The History of the Vacuum Cleaner

vacuum cleaner history

These funny-shaped, noisy contraptions can clean up a mess in just a few seconds flat, thanks to their powerful suction. Today, the vacuum cleaners that we see stocking the shelves of our favorite home stores are part of a billion dollar industry. However, it hasn’t always been this way. Believe it or not, the development of vacuum cleaners took hundreds of years to get right.

The broom was, of course, the first step in the creation of the vacuum cleaner. There are examples of this useful tool dating all the way back to 2000 BC. However, until 1797 the broom wasn’t as useful as it is today, as its bristles weren’t quite right. They were too soft and because of this, failed to pick anything up. Until a farmer changed the bristles that were used and made it a success.

Although the broom was useful, it didn’t make cleaning easier. This meant that soon enough people started coming up with ideas for cleaning methods that were a little less tedious. In England, automatic machines were invented for street cleaners. These were simple devices that relied on an internal pulley system. However, as these used brushes to mechanically sweep, they were little better than a broom.
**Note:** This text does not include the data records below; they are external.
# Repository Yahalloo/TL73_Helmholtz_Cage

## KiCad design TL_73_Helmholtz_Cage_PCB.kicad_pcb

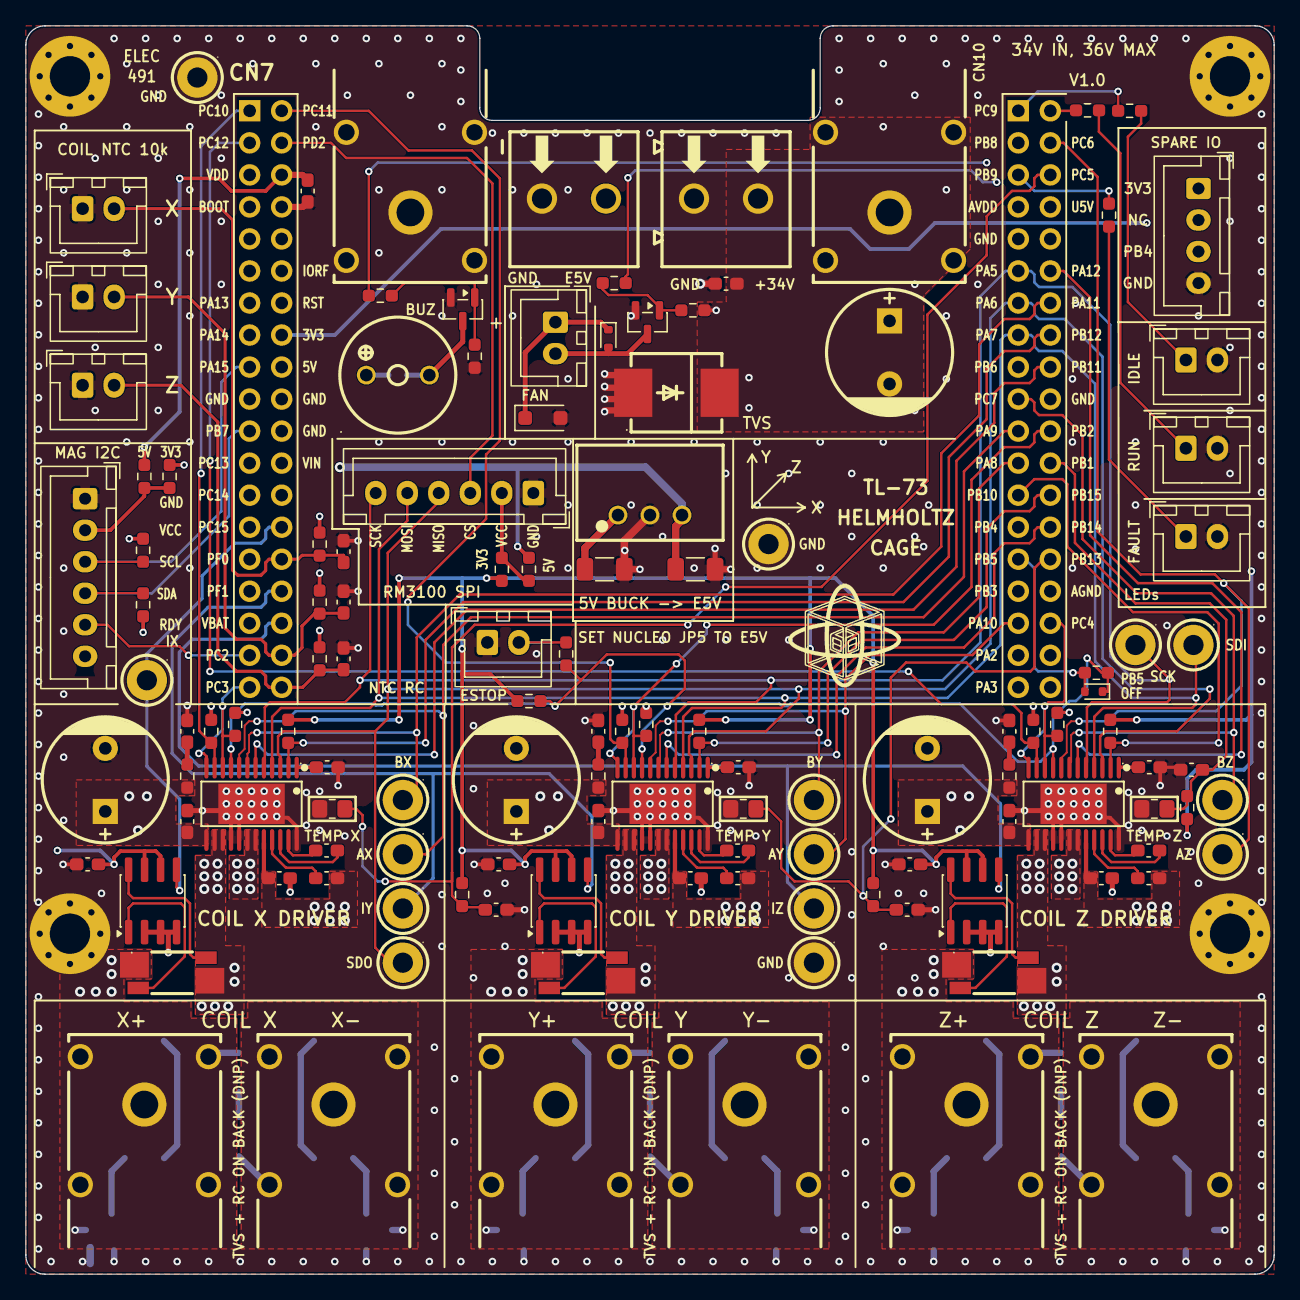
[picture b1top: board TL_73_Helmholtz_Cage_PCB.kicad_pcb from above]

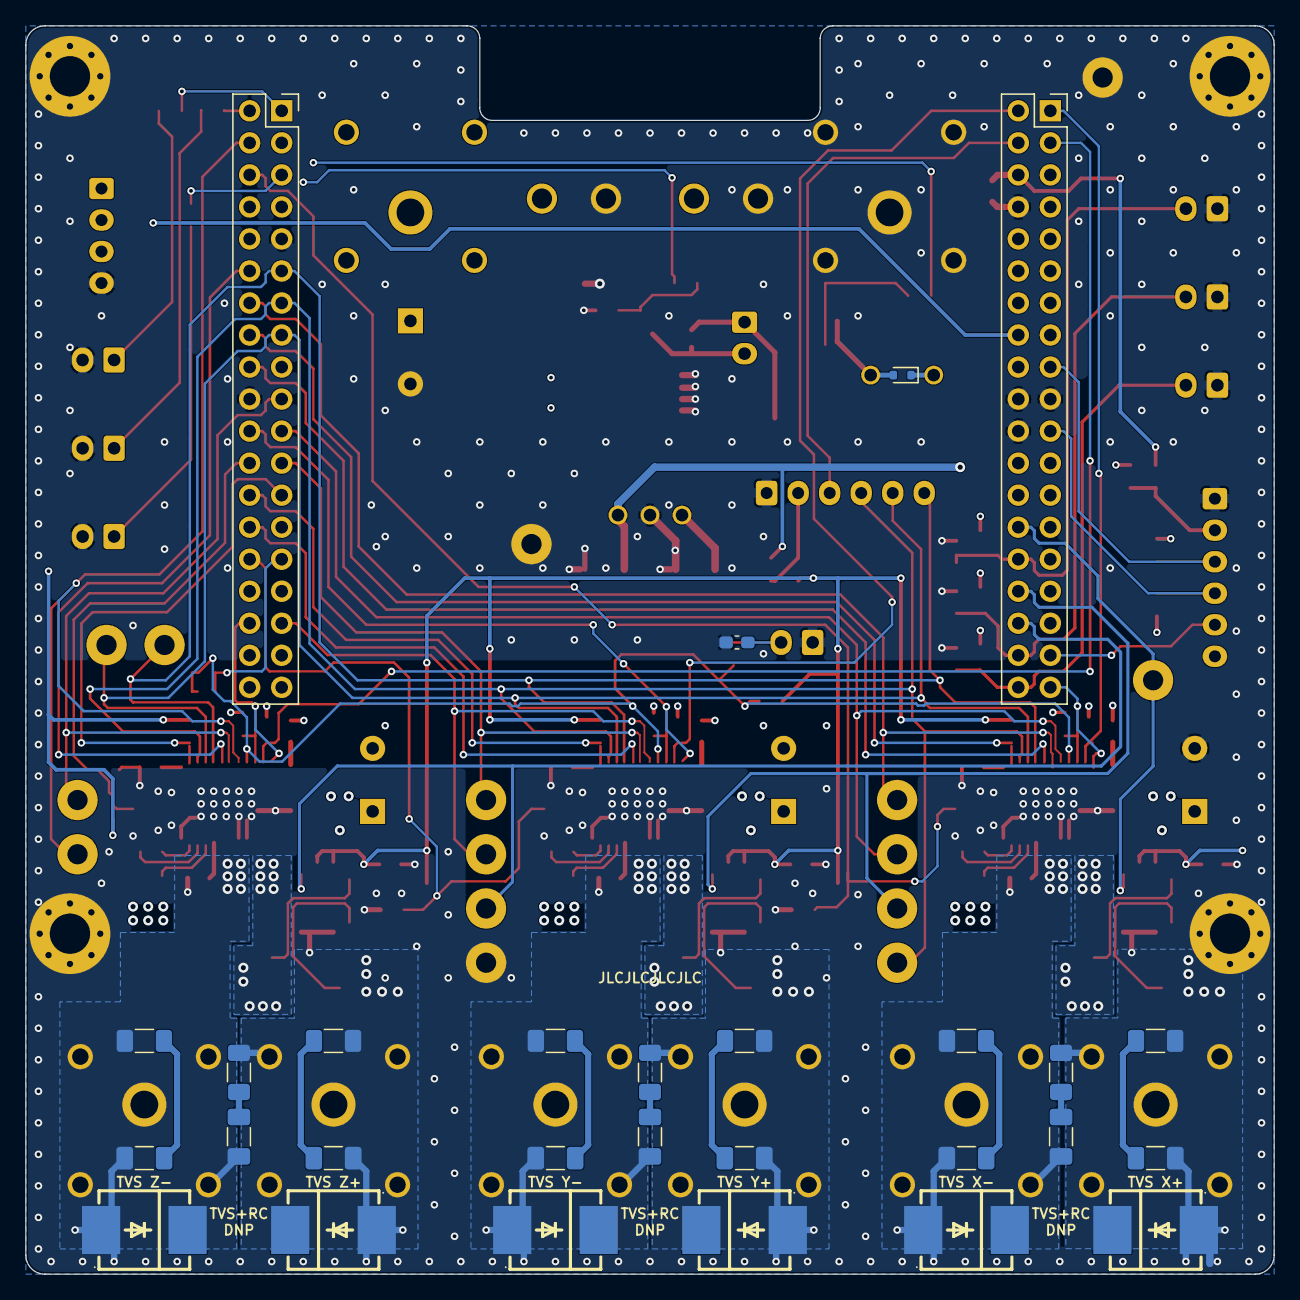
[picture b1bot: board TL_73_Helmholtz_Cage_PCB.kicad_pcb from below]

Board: 4 copper layers, 99.0 x 99.0 mm, 157 parts (28 on the bottom side), 95 nets.

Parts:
BZ201: TMB09A05; BUZ-TH_BD9.0-P5.00-D0.6-L-FD
C101: 10uF; C_1206_3216Metric_Pad1.33x1.80mm_HandSolder
C102: 22uF; C_1206_3216Metric_Pad1.33x1.80mm_HandSolder
C201, C202, C302, C305, C402, C405, C502, C505, C601, C701, C801, C901, C1001, C1101, C1202, C1401, C1402, C1403: 100nF; C_0603_1608Metric_Pad1.08x0.95mm_HandSolder
C301, C304, C401, C404, C501, C504: 1uF; C_0603_1608Metric_Pad1.08x0.95mm_HandSolder
C303, C403, C503: 47nF; C_0603_1608Metric_Pad1.08x0.95mm_HandSolder
C306, C406, C506: 10nF; C_0603_1608Metric_Pad1.08x0.95mm_HandSolder
C307, C407, C507: 330uF; CAP-TH_D10.0-P5.00_PA50V330M10X15_TL73
C1201: 470uF; CAP-TH_D10.0-P5.00_50ZLJ470M10X20_TL73
C1203, C1204, C1205, C1206, C1207, C1208, C1209, C1210, C1211: 470pF; C_1206_3216Metric_Pad1.33x1.80mm_HandSolder
CN1201, CN1203, CN1205, CN1207: 24.245.1; CONN-TH_24.245.1_RED_TL73
CN1202, CN1204, CN1206, CN1208: 24.245.2; CONN-TH_24.245.2_BLACK_TL73
D201: SMF5.0A; D_SOD-123F
D202, D203, D204: RB521S30T1G; D_SOD-523
D1201, D1202, D1203, D1204, D1205, D1206, D1207: SMDJ36A; SMC_L7.1-W6.2-LS8.1-RD
H101, H102, H103, H104: MountingHole_Pad; MountingHole_3.2mm_M3_Pad_Via
J201: CN7; PinSocket_2x19_P2.54mm_Vertical
J202: CN10; PinSocket_2x19_P2.54mm_Vertical
J203: LED_IDLE; JST_XH_B2B-XH-A_1x02_P2.50mm_Vertical
J204: STOP_SW_JST_XH; JST_XH_B2B-XH-A_1x02_P2.50mm_Vertical
J205: SPARE_IO_JST_XH; JST_XH_B4B-XH-A_1x04_P2.50mm_Vertical
J206: FAN_JST_XH; JST_XH_B2B-XH-A_1x02_P2.50mm_Vertical
J207: LED_RUN; JST_XH_B2B-XH-A_1x02_P2.50mm_Vertical
J208: LED_FAULT; JST_XH_B2B-XH-A_1x02_P2.50mm_Vertical
J901, J1001, J1101: NTC_JST_XH; JST_XH_B2B-XH-A_1x02_P2.50mm_Vertical
J1301: RM3100_JST_XH; JST_XH_B6B-XH-A_1x06_P2.50mm_Vertical
J1302: RM3100_SPI; JST_XH_B6B-XH-A_1x06_P2.50mm_Vertical
Q204, Q205: AO3400A; SOT-23
R104, R214, R215: 100k; R_0603_1608Metric_Pad0.98x0.95mm_HandSolder
R201, R202, R203: 150Ω; R_0603_1608Metric_Pad0.98x0.95mm_HandSolder
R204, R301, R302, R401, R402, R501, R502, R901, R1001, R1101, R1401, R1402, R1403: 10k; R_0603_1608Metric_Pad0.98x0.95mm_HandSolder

In 1858, Hiram Herrick, an American man, submitted a patent for a carpet sweeper. This was something very similar to England’s street sweeper machines. It was effectively a mechanical dustpan and brush for use on carpet. It was a small step up from manual brooms but still wasn’t the vacuum cleaner that we know and love today.

Daniel Hess then changed the cleaning game forever in 1860 with his addition of air to carpet sweepers. It might have still been a manually operated machine using bellows, but it was a lot closer to the vacuum cleaners that we use today.

In 1869, mechanical cleaners were taken one step further with the addition of a fan. This was the idea of Ives McGaffey, an American man from Chicago. However, even with the addition of a fan, this machine was hard to use, due to the fact it had to be run by hand.

Come 1898; John Thurman created a gas powered carpet renovator. It wasn’t a vacuum cleaner as it didn’t suck, but it did produce a blast of air to move dust and blow it into an attached box. However, the problem with this was that it was as big as a horse and carriage, so wasn’t a practical solution.

However, in 1935, Hubert Cecil Booth came up with a similar invention that was a lot more popular. He created the Puffing Billy, a machine that was pulled around the streets of London by a horse. The Puffing Billy did so well it was even used to clean Westminster Abbey. The King and Queen were so impressed with how well it worked that they purchased machines for Buckingham Palace and Windsor Castle. By the start of the 19th century, Booth’s machines were installed in large homes, buildings, and hotels. However, as they took up so much space, they weren’t suitable for regular sized homes.

James Murray Spangler, a custodian from Ohio, came up with a new type of vacuum cleaner. He used a broom, electric motor, and a pillowcase. What made his invention so popular was that it stood upright and was easily portable. In 1907 he quit his job to start selling his invention. However, it wasn’t to be. He ran out of money and wasn’t able to continue with his venture. That was when his cousin, Susan Hoover, stepped in, along with her husband, William Hoover. They purchased the patent from him and gradually turned his invention into a success.

Today, Hoover is a name that’s known across the world.